> Exercise: Begin with the first line of the entries below and reproduce each line exactly, ending with the line that holds "settings DataIOCC: SignalLoggingSaveFormat=ModelDataLogs".

──────── Extracted material

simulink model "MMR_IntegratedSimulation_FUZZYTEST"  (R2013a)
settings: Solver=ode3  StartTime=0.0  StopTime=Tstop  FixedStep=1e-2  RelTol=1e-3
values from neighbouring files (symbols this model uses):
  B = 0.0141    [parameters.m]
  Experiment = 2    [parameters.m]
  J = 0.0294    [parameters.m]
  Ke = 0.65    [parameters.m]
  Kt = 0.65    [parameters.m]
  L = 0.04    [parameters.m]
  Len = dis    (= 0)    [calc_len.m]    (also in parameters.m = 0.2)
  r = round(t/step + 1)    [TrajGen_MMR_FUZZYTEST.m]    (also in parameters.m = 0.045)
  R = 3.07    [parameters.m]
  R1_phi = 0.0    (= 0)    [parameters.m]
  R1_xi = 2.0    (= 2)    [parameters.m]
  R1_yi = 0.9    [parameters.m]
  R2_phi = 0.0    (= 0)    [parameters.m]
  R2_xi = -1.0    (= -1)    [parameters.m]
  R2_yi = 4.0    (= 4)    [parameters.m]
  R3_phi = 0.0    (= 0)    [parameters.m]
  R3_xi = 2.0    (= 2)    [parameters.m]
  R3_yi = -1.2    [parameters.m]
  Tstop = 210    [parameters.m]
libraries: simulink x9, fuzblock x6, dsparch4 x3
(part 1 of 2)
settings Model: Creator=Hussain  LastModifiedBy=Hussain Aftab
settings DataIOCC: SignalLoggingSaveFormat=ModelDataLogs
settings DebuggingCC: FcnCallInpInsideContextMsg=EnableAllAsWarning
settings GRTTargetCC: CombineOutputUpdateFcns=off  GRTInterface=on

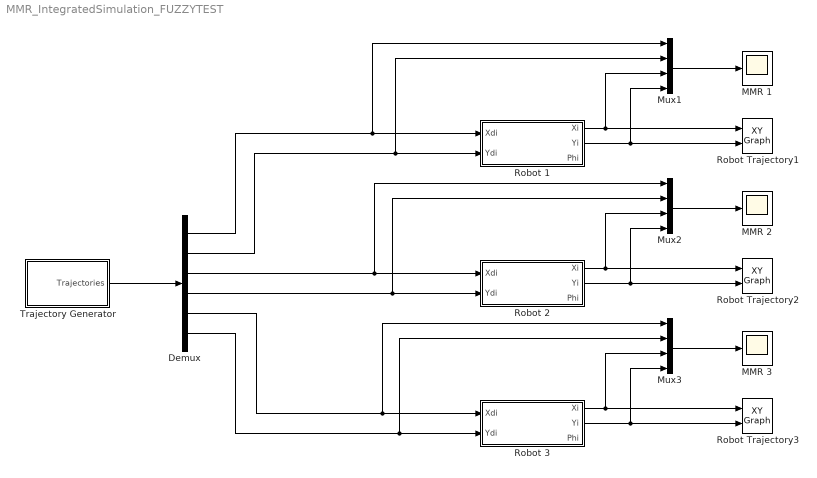
== system MMR_IntegratedSimulation_FUZZYTEST ==
  Demux : Demux  Outputs=6
  MMR 1 : Scope
      settings: TimeRange=100  YMin=0  YMax=10.5  SaveName=Robot1
  MMR 2 : Scope
      settings: TimeRange=100  YMin=0  YMax=10.5  SaveName=Robot2
  MMR 3 : Scope
      settings: TimeRange=100  YMin=0  YMax=10.5  SaveName=Robot3
  Mux1 : Mux
  Mux2 : Mux
  Mux3 : Mux
  Robot 1 : Subsystem
  Robot 2 : Subsystem
  Robot 3 : Subsystem
  Robot Trajectory1 : simulink/Sinks/XY Graph  xmin=0  xmax=15  ymin=-15  ymax=15  st=-1
  Robot Trajectory2 : simulink/Sinks/XY Graph  xmin=0  xmax=15  ymin=-15  ymax=15  st=-1
  Robot Trajectory3 : simulink/Sinks/XY Graph  xmin=0  xmax=15  ymin=-15  ymax=15  st=-1
  Trajectory Generator : Subsystem
  wires:
  Robot 1/1(Xi) -> Mux1/3, Robot Trajectory1/1
  Robot 1/2(Yi) -> Mux1/4, Robot Trajectory1/2
  Mux1/1 -> MMR 1/1
  Demux/4 -> Robot 2/2(Ydi), Mux2/2
  Demux/3 -> Mux2/1, Robot 2/1(Xdi)
  Robot 2/1(Xi) -> Mux2/3, Robot Trajectory2/1
  Robot 2/2(Yi) -> Mux2/4, Robot Trajectory2/2
  Mux2/1 -> MMR 2/1
  Demux/6 -> Mux3/2, Robot 3/2(Ydi)
  Demux/5 -> Mux3/1, Robot 3/1(Xdi)
  Robot 3/1(Xi) -> Mux3/3, Robot Trajectory3/1
  Robot 3/2(Yi) -> Mux3/4, Robot Trajectory3/2
  Mux3/1 -> MMR 3/1
  Demux/1 -> Mux1/1, Robot 1/1(Xdi)
  Demux/2 -> Mux1/2, Robot 1/2(Ydi)
  Trajectory Generator/1(Trajectories) -> Demux/1

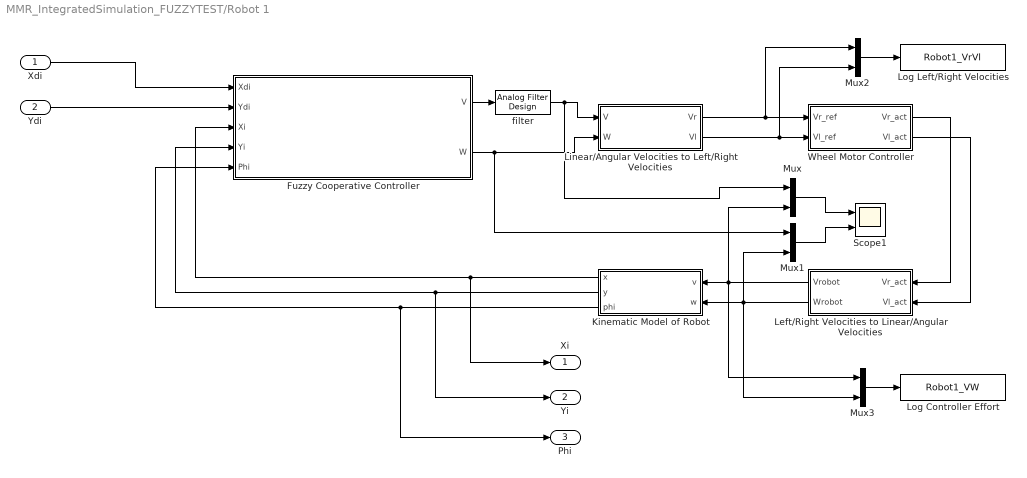
== system MMR_IntegratedSimulation_FUZZYTEST/Robot 1 ==
  Xdi : Inport
  Ydi : Inport  Port=2
  Fuzzy Cooperative Controller : Subsystem
  Kinematic Model of Robot : Subsystem
  Left/Right Velocities to Linear/Angular Velocities : Subsystem
  Linear/Angular Velocities to Left/Right Velocities : Subsystem
  Log Controller Effort : ToWorkspace  VariableName=Robot1_VW  SampleTime=-1  SaveFormat=Structure With Time
  Log Left/Right Velocities : ToWorkspace  VariableName=Robot1_VrVl  SampleTime=-1  SaveFormat=Structure With Time
  Mux{,1..3} (4 alike) : Mux  Inputs=2
  Scope1 : Scope  NumInputPorts=2
      settings: YMin=-5~-5  YMax=5~5  SaveName=ScopeData5
  Wheel Motor Controller : Subsystem
  filter : dsparch4/Analog Filter Design  method=Butterworth  filttype=Lowpass  N=5  Wlo=10  Whi=80  Rp=2  Rs=40
  Xi : Outport
  Yi : Outport  Port=2
  Phi : Outport  Port=3
  wires:
  Linear/Angular Velocities to Left/Right Velocities/1(Vr) -> Mux2/1, Wheel Motor Controller/1(Vr_ref)
  Linear/Angular Velocities to Left/Right Velocities/2(Vl) -> Mux2/2, Wheel Motor Controller/2(Vl_ref)
  Wheel Motor Controller/1(Vr_act) -> Left/Right Velocities to Linear/Angular Velocities/1(Vr_act)
  Wheel Motor Controller/2(Vl_act) -> Left/Right Velocities to Linear/Angular Velocities/2(Vl_act)
  Left/Right Velocities to Linear/Angular Velocities/1(Vrobot) -> Mux3/1, Mux/2, Kinematic Model of Robot/1(v)
  Left/Right Velocities to Linear/Angular Velocities/2(Wrobot) -> Mux3/2, Mux1/2, Kinematic Model of Robot/2(w)
  Fuzzy Cooperative Controller/2(W) -> Mux1/1, Linear/Angular Velocities to Left/Right Velocities/2(W)
  Xdi/1 -> Fuzzy Cooperative Controller/1(Xdi)
  Ydi/1 -> Fuzzy Cooperative Controller/2(Ydi)
  Kinematic Model of Robot/1(x) -> Fuzzy Cooperative Controller/3(Xi), Xi/1
  Kinematic Model of Robot/2(y) -> Fuzzy Cooperative Controller/4(Yi), Yi/1
  Kinematic Model of Robot/3(phi) -> Fuzzy Cooperative Controller/5(Phi), Phi/1
  Mux/1 -> Scope1/1
  Mux1/1 -> Scope1/2
  Mux2/1 -> Log Left/Right Velocities/1
  Mux3/1 -> Log Controller Effort/1
  filter/1 -> Mux/1, Linear/Angular Velocities to Left/Right Velocities/1(V)
  Fuzzy Cooperative Controller/1(V) -> filter/1

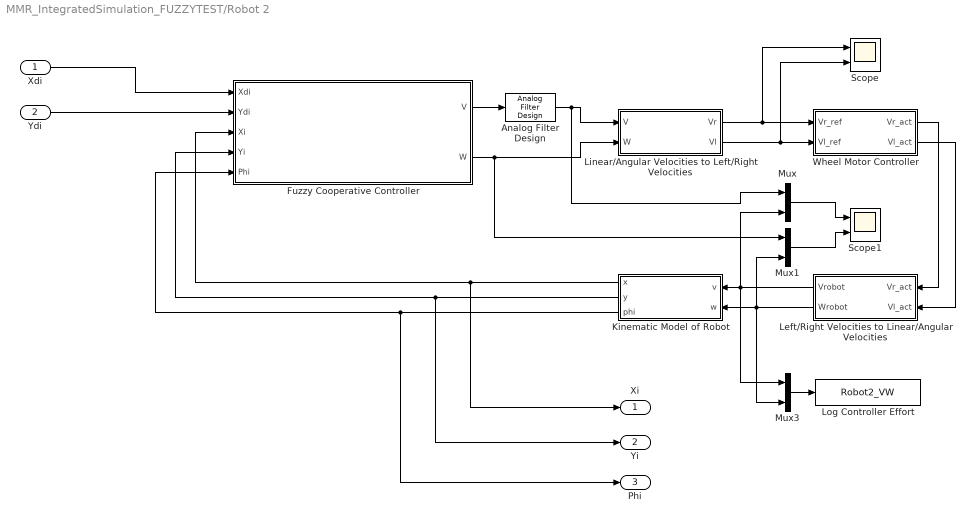
== system MMR_IntegratedSimulation_FUZZYTEST/Robot 2 ==
  Xdi : Inport
  Ydi : Inport  Port=2
  Analog Filter Design : dsparch4/Analog Filter Design  method=Butterworth  filttype=Lowpass  N=5  Wlo=10  Whi=80  Rp=2  Rs=40
  Fuzzy Cooperative Controller : Subsystem
  Kinematic Model of Robot : Subsystem
  Left/Right Velocities to Linear/Angular Velocities : Subsystem
  Linear/Angular Velocities to Left/Right Velocities : Subsystem
  Log Controller Effort : ToWorkspace  VariableName=Robot2_VW  SampleTime=-1  SaveFormat=Structure With Time
  Mux : Mux  Inputs=2
  Mux1 : Mux  Inputs=2
  Mux3 : Mux  Inputs=2
  Scope : Scope  NumInputPorts=2
      settings: YMin=-5~-5  YMax=5~5  SaveName=ScopeData3
  Scope1 : Scope  NumInputPorts=2
      settings: TimeRange=210  YMin=-5~-5  YMax=5~5  SaveName=ScopeData5
  Wheel Motor Controller : Subsystem
  Xi : Outport
  Yi : Outport  Port=2
  Phi : Outport  Port=3
  wires:
  Linear/Angular Velocities to Left/Right Velocities/1(Vr) -> Scope/1, Wheel Motor Controller/1(Vr_ref)
  Linear/Angular Velocities to Left/Right Velocities/2(Vl) -> Scope/2, Wheel Motor Controller/2(Vl_ref)
  Wheel Motor Controller/1(Vr_act) -> Left/Right Velocities to Linear/Angular Velocities/1(Vr_act)
  Wheel Motor Controller/2(Vl_act) -> Left/Right Velocities to Linear/Angular Velocities/2(Vl_act)
  Left/Right Velocities to Linear/Angular Velocities/1(Vrobot) -> Mux3/1, Mux/2, Kinematic Model of Robot/1(v)
  Left/Right Velocities to Linear/Angular Velocities/2(Wrobot) -> Mux3/2, Mux1/2, Kinematic Model of Robot/2(w)
  Xdi/1 -> Fuzzy Cooperative Controller/1(Xdi)
  Ydi/1 -> Fuzzy Cooperative Controller/2(Ydi)
  Kinematic Model of Robot/1(x) -> Fuzzy Cooperative Controller/3(Xi), Xi/1
  Kinematic Model of Robot/2(y) -> Fuzzy Cooperative Controller/4(Yi), Yi/1
  Kinematic Model of Robot/3(phi) -> Fuzzy Cooperative Controller/5(Phi), Phi/1
  Mux/1 -> Scope1/1
  Mux1/1 -> Scope1/2
  Fuzzy Cooperative Controller/2(W) -> Mux1/1, Linear/Angular Velocities to Left/Right Velocities/2(W)
  Mux3/1 -> Log Controller Effort/1
  Fuzzy Cooperative Controller/1(V) -> Analog Filter Design/1
  Analog Filter Design/1 -> Mux/1, Linear/Angular Velocities to Left/Right Velocities/1(V)

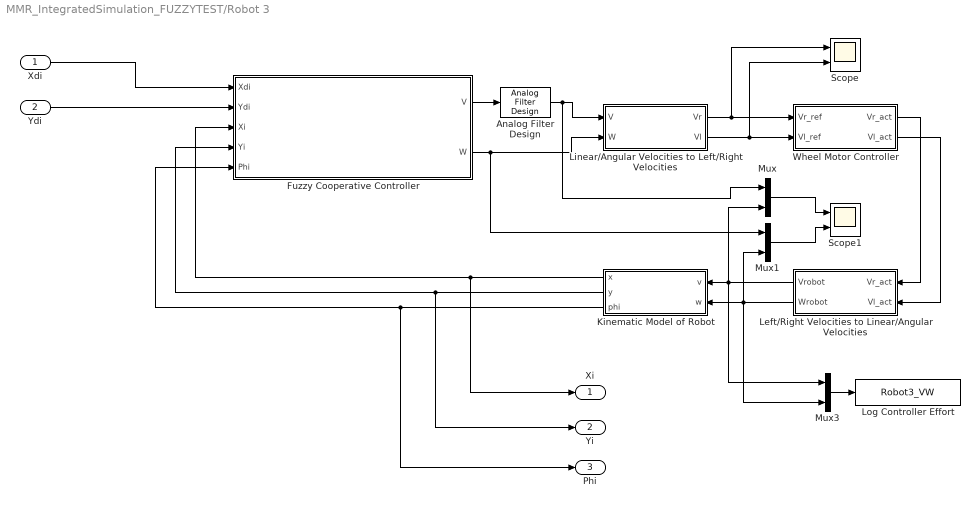
== system MMR_IntegratedSimulation_FUZZYTEST/Robot 3 ==
  Xdi : Inport
  Ydi : Inport  Port=2
  Analog Filter Design : dsparch4/Analog Filter Design  method=Butterworth  filttype=Lowpass  N=5  Wlo=10  Whi=80  Rp=2  Rs=40
  Fuzzy Cooperative Controller : Subsystem
  Kinematic Model of Robot : Subsystem
  Left/Right Velocities to Linear/Angular Velocities : Subsystem
  Linear/Angular Velocities to Left/Right Velocities : Subsystem
  Log Controller Effort : ToWorkspace  VariableName=Robot3_VW  SampleTime=-1  SaveFormat=Structure With Time
  Mux : Mux  Inputs=2
  Mux1 : Mux  Inputs=2
  Mux3 : Mux  Inputs=2
  Scope : Scope  NumInputPorts=2
      settings: YMin=-5~-5  YMax=5~5  SaveName=ScopeData3
  Scope1 : Scope  NumInputPorts=2
      settings: YMin=-5~-5  YMax=5~5  SaveName=ScopeData5
  Wheel Motor Controller : Subsystem
  Xi : Outport
  Yi : Outport  Port=2
  Phi : Outport  Port=3
  wires:
  Linear/Angular Velocities to Left/Right Velocities/1(Vr) -> Wheel Motor Controller/1(Vr_ref), Scope/1
  Linear/Angular Velocities to Left/Right Velocities/2(Vl) -> Wheel Motor Controller/2(Vl_ref), Scope/2
  Wheel Motor Controller/1(Vr_act) -> Left/Right Velocities to Linear/Angular Velocities/1(Vr_act)
  Wheel Motor Controller/2(Vl_act) -> Left/Right Velocities to Linear/Angular Velocities/2(Vl_act)
  Left/Right Velocities to Linear/Angular Velocities/1(Vrobot) -> Mux3/1, Mux/2, Kinematic Model of Robot/1(v)
  Left/Right Velocities to Linear/Angular Velocities/2(Wrobot) -> Mux3/2, Mux1/2, Kinematic Model of Robot/2(w)
  Xdi/1 -> Fuzzy Cooperative Controller/1(Xdi)
  Ydi/1 -> Fuzzy Cooperative Controller/2(Ydi)
  Kinematic Model of Robot/1(x) -> Fuzzy Cooperative Controller/3(Xi), Xi/1
  Kinematic Model of Robot/2(y) -> Fuzzy Cooperative Controller/4(Yi), Yi/1
  Kinematic Model of Robot/3(phi) -> Fuzzy Cooperative Controller/5(Phi), Phi/1
  Mux/1 -> Scope1/1
  Mux1/1 -> Scope1/2
  Fuzzy Cooperative Controller/2(W) -> Linear/Angular Velocities to Left/Right Velocities/2(W), Mux1/1
  Mux3/1 -> Log Controller Effort/1
  Fuzzy Cooperative Controller/1(V) -> Analog Filter Design/1
  Analog Filter Design/1 -> Mux/1, Linear/Angular Velocities to Left/Right Velocities/1(V)

== system MMR_IntegratedSimulation_FUZZYTEST/Trajectory Generator ==
  Experiment # : Constant  Value=Experiment
  Mux2 : Mux  Inputs=3
  Simulation Time : Clock
  Stop Time : Constant  Value=Tstop
  Trajectory Generation Function : MATLABFcn  MATLABFcn=TrajGen_MMR_FUZZYTEST
  Trajectories : Outport
  wires:
  Simulation Time/1 -> Mux2/1
  Trajectory Generation Function/1 -> Trajectories/1
  Mux2/1 -> Trajectory Generation Function/1
  Stop Time/1 -> Mux2/2
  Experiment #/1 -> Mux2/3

────────────────

> Answer space:
simulink model "MMR_IntegratedSimulation_FUZZYTEST"  (R2013a)
settings: Solver=ode3  StartTime=0.0  StopTime=Tstop  FixedStep=1e-2  RelTol=1e-3
values from neighbouring files (symbols this model uses):
  B = 0.0141    [parameters.m]
  Experiment = 2    [parameters.m]
  J = 0.0294    [parameters.m]
  Ke = 0.65    [parameters.m]
  Kt = 0.65    [parameters.m]
  L = 0.04    [parameters.m]
  Len = dis    (= 0)    [calc_len.m]    (also in parameters.m = 0.2)
  r = round(t/step + 1)    [TrajGen_MMR_FUZZYTEST.m]    (also in parameters.m = 0.045)
  R = 3.07    [parameters.m]
  R1_phi = 0.0    (= 0)    [parameters.m]
  R1_xi = 2.0    (= 2)    [parameters.m]
  R1_yi = 0.9    [parameters.m]
  R2_phi = 0.0    (= 0)    [parameters.m]
  R2_xi = -1.0    (= -1)    [parameters.m]
  R2_yi = 4.0    (= 4)    [parameters.m]
  R3_phi = 0.0    (= 0)    [parameters.m]
  R3_xi = 2.0    (= 2)    [parameters.m]
  R3_yi = -1.2    [parameters.m]
  Tstop = 210    [parameters.m]
libraries: simulink x9, fuzblock x6, dsparch4 x3
(part 1 of 2)
settings Model: Creator=Hussain  LastModifiedBy=Hussain Aftab
settings DataIOCC: SignalLoggingSaveFormat=ModelDataLogs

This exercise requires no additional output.